WHAT THE TASK REQUIRES: Among the lines below, take the one holding "1. GreyT Telescope", the one holding "- Mate:1: GreyT", and all lines between them. Set them down exactly.

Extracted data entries
────────────────────

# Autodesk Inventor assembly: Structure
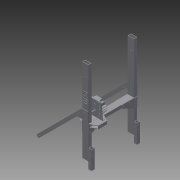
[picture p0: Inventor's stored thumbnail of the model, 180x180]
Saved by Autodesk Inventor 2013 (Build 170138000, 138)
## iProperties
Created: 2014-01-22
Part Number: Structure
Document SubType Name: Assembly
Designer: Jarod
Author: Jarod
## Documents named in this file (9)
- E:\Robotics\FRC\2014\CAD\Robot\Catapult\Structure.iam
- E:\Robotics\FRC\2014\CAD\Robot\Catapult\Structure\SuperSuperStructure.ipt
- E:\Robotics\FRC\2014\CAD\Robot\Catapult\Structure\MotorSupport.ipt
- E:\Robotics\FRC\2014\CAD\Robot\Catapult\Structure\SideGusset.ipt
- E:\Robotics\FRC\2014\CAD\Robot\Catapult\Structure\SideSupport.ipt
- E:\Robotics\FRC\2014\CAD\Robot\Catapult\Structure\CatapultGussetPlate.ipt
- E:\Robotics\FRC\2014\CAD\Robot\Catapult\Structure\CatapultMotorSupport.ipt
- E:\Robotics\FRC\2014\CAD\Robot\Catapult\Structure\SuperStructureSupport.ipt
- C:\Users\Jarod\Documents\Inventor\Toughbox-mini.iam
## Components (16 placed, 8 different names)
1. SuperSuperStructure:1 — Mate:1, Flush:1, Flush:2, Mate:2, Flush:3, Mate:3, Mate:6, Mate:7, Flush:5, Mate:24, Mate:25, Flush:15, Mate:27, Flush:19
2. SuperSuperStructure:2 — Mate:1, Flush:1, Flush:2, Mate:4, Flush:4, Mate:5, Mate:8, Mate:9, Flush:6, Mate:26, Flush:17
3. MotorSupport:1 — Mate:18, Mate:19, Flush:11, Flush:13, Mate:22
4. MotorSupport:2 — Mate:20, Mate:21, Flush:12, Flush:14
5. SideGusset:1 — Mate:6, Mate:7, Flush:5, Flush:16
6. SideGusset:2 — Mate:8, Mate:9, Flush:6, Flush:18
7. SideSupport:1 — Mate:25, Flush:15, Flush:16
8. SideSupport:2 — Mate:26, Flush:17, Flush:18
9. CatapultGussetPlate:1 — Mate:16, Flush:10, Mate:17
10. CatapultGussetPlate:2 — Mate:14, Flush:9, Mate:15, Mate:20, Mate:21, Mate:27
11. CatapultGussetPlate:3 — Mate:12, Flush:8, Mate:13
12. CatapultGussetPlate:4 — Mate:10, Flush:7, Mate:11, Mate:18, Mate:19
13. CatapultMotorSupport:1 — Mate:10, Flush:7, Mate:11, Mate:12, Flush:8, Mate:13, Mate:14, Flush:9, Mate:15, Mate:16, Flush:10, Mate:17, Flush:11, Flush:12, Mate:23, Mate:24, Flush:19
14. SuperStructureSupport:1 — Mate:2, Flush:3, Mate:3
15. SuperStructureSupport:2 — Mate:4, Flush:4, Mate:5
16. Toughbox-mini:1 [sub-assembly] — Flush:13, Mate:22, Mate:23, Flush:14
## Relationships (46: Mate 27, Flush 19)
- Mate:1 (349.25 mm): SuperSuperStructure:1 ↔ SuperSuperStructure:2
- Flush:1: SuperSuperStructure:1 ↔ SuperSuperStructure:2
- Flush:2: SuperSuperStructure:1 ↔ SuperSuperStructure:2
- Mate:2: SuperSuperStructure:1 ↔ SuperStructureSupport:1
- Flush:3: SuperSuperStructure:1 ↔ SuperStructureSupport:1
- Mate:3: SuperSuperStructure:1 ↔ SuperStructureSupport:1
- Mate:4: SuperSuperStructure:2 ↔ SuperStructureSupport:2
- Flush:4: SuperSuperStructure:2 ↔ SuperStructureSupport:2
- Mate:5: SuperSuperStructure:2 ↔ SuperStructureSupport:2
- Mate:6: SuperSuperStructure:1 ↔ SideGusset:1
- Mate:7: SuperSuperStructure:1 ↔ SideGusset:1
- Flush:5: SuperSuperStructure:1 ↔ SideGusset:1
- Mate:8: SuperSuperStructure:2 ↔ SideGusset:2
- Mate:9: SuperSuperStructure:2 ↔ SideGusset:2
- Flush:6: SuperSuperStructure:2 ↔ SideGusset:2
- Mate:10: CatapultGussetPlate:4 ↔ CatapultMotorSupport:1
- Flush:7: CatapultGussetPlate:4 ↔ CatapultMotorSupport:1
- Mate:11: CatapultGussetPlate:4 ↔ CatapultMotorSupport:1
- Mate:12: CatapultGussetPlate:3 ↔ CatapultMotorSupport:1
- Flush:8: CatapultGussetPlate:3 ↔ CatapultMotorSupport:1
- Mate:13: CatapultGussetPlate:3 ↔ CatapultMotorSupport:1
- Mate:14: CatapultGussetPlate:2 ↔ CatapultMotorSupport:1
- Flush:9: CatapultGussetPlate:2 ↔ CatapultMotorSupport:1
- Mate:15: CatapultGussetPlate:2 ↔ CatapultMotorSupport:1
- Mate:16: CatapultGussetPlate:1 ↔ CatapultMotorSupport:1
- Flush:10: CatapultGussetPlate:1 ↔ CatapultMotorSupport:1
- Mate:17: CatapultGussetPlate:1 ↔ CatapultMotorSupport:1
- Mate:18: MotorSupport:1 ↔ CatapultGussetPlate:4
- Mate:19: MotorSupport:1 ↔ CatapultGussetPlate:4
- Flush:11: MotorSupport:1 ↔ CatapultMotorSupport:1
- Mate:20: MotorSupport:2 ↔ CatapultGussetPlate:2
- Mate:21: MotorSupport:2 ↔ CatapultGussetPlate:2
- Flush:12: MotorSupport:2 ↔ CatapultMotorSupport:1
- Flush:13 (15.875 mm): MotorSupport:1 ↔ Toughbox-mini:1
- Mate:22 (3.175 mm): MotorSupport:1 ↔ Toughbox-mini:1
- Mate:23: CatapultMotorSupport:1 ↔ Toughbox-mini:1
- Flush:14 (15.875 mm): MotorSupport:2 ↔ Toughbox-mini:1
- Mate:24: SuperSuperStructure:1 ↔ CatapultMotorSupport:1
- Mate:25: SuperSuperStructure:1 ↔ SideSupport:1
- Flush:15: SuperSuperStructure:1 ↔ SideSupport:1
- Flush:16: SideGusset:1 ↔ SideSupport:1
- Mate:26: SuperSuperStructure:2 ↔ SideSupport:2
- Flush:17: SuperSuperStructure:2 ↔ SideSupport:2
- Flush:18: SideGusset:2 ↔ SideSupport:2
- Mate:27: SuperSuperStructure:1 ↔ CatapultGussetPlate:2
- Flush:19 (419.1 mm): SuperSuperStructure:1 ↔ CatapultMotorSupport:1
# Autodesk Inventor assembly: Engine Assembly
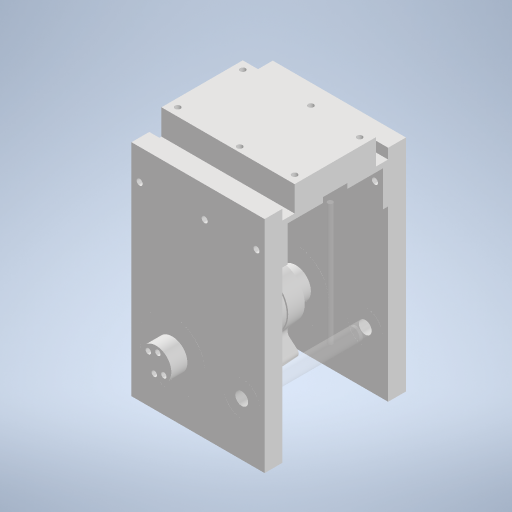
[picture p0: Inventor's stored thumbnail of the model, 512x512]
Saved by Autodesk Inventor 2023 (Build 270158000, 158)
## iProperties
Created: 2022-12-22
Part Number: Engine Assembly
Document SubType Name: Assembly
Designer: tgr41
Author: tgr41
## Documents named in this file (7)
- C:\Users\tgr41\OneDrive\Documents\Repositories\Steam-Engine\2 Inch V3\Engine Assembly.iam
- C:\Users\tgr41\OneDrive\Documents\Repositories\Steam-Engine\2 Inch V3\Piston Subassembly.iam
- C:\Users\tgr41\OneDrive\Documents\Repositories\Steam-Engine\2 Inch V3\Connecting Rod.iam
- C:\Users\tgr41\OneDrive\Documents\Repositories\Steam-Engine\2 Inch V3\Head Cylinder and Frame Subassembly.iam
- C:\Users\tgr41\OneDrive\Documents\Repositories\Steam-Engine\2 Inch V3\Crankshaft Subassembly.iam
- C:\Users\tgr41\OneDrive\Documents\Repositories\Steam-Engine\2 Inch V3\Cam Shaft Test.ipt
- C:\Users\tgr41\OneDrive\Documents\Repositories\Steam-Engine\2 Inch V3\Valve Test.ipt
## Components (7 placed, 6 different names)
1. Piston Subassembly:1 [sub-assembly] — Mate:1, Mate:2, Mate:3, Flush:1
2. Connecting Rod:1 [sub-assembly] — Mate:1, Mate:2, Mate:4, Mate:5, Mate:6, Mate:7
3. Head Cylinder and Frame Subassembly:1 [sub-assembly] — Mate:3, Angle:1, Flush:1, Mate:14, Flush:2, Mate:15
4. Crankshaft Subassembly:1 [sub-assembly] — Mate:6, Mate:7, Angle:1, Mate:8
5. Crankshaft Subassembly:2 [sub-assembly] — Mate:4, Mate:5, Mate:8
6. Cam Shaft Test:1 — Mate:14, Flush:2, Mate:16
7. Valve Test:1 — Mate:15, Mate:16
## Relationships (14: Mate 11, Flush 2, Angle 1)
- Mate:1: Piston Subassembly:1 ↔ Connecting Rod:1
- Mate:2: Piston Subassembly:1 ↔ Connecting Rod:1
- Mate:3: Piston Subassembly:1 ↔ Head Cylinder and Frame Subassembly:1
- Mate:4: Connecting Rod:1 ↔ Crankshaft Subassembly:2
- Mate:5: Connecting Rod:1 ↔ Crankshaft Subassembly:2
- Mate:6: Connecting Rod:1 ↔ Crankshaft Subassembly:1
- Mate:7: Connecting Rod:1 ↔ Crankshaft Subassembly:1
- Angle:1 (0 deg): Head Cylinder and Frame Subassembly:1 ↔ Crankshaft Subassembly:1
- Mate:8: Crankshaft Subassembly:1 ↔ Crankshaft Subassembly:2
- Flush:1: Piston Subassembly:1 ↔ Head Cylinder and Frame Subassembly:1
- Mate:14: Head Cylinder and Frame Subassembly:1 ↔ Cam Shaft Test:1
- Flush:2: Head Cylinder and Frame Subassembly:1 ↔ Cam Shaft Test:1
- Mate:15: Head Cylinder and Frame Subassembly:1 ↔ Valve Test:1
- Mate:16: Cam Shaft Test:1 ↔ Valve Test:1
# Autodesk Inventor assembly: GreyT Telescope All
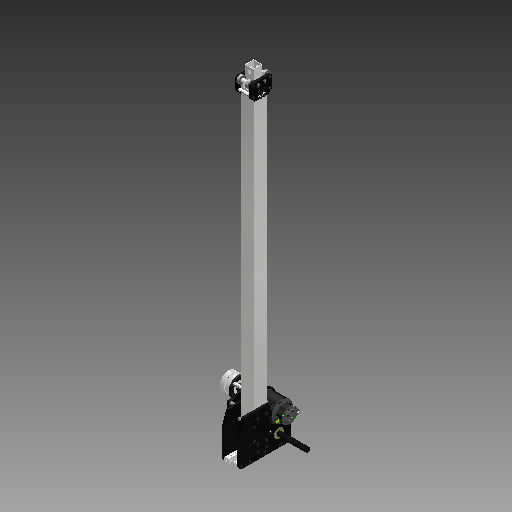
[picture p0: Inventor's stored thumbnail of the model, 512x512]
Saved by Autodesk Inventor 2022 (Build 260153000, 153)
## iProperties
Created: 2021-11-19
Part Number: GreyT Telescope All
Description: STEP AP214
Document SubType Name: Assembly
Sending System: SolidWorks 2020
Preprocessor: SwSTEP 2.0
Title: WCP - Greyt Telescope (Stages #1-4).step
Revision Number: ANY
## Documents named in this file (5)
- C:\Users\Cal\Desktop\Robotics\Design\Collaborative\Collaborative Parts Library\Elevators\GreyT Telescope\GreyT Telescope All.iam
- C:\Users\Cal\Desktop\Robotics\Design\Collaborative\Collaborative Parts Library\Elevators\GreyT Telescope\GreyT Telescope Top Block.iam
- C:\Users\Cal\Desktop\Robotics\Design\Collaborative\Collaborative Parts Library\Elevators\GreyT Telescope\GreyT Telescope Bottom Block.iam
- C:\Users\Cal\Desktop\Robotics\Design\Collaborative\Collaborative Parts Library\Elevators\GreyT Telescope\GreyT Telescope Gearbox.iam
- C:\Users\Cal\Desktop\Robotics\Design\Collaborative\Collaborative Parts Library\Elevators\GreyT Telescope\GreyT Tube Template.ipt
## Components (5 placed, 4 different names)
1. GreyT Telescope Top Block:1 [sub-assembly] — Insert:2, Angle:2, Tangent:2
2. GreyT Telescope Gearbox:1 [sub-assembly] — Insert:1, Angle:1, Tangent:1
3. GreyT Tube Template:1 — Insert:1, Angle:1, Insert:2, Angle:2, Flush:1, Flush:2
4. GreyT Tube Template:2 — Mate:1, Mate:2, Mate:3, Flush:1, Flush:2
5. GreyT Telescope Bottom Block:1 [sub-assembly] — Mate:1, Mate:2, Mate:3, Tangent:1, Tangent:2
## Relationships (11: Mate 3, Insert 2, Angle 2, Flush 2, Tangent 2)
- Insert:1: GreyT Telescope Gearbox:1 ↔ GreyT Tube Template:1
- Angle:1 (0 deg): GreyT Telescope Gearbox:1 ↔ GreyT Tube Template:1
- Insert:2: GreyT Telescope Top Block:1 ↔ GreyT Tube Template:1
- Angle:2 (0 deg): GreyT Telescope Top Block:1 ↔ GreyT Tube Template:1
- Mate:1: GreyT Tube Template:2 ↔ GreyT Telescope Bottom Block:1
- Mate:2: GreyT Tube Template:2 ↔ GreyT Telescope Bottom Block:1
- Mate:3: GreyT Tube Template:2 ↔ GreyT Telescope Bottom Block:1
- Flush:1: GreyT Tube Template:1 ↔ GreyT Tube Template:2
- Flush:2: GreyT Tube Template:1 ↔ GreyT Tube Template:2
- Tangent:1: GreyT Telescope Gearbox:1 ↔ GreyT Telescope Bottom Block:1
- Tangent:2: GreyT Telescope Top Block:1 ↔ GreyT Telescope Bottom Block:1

────────────────────

TASK ANSWER:
1. GreyT Telescope Top Block:1 [sub-assembly] — Insert:2, Angle:2, Tangent:2
2. GreyT Telescope Gearbox:1 [sub-assembly] — Insert:1, Angle:1, Tangent:1
3. GreyT Tube Template:1 — Insert:1, Angle:1, Insert:2, Angle:2, Flush:1, Flush:2
4. GreyT Tube Template:2 — Mate:1, Mate:2, Mate:3, Flush:1, Flush:2
5. GreyT Telescope Bottom Block:1 [sub-assembly] — Mate:1, Mate:2, Mate:3, Tangent:1, Tangent:2
## Relationships (11: Mate 3, Insert 2, Angle 2, Flush 2, Tangent 2)
- Insert:1: GreyT Telescope Gearbox:1 ↔ GreyT Tube Template:1
- Angle:1 (0 deg): GreyT Telescope Gearbox:1 ↔ GreyT Tube Template:1
- Insert:2: GreyT Telescope Top Block:1 ↔ GreyT Tube Template:1
- Angle:2 (0 deg): GreyT Telescope Top Block:1 ↔ GreyT Tube Template:1
- Mate:1: GreyT Tube Template:2 ↔ GreyT Telescope Bottom Block:1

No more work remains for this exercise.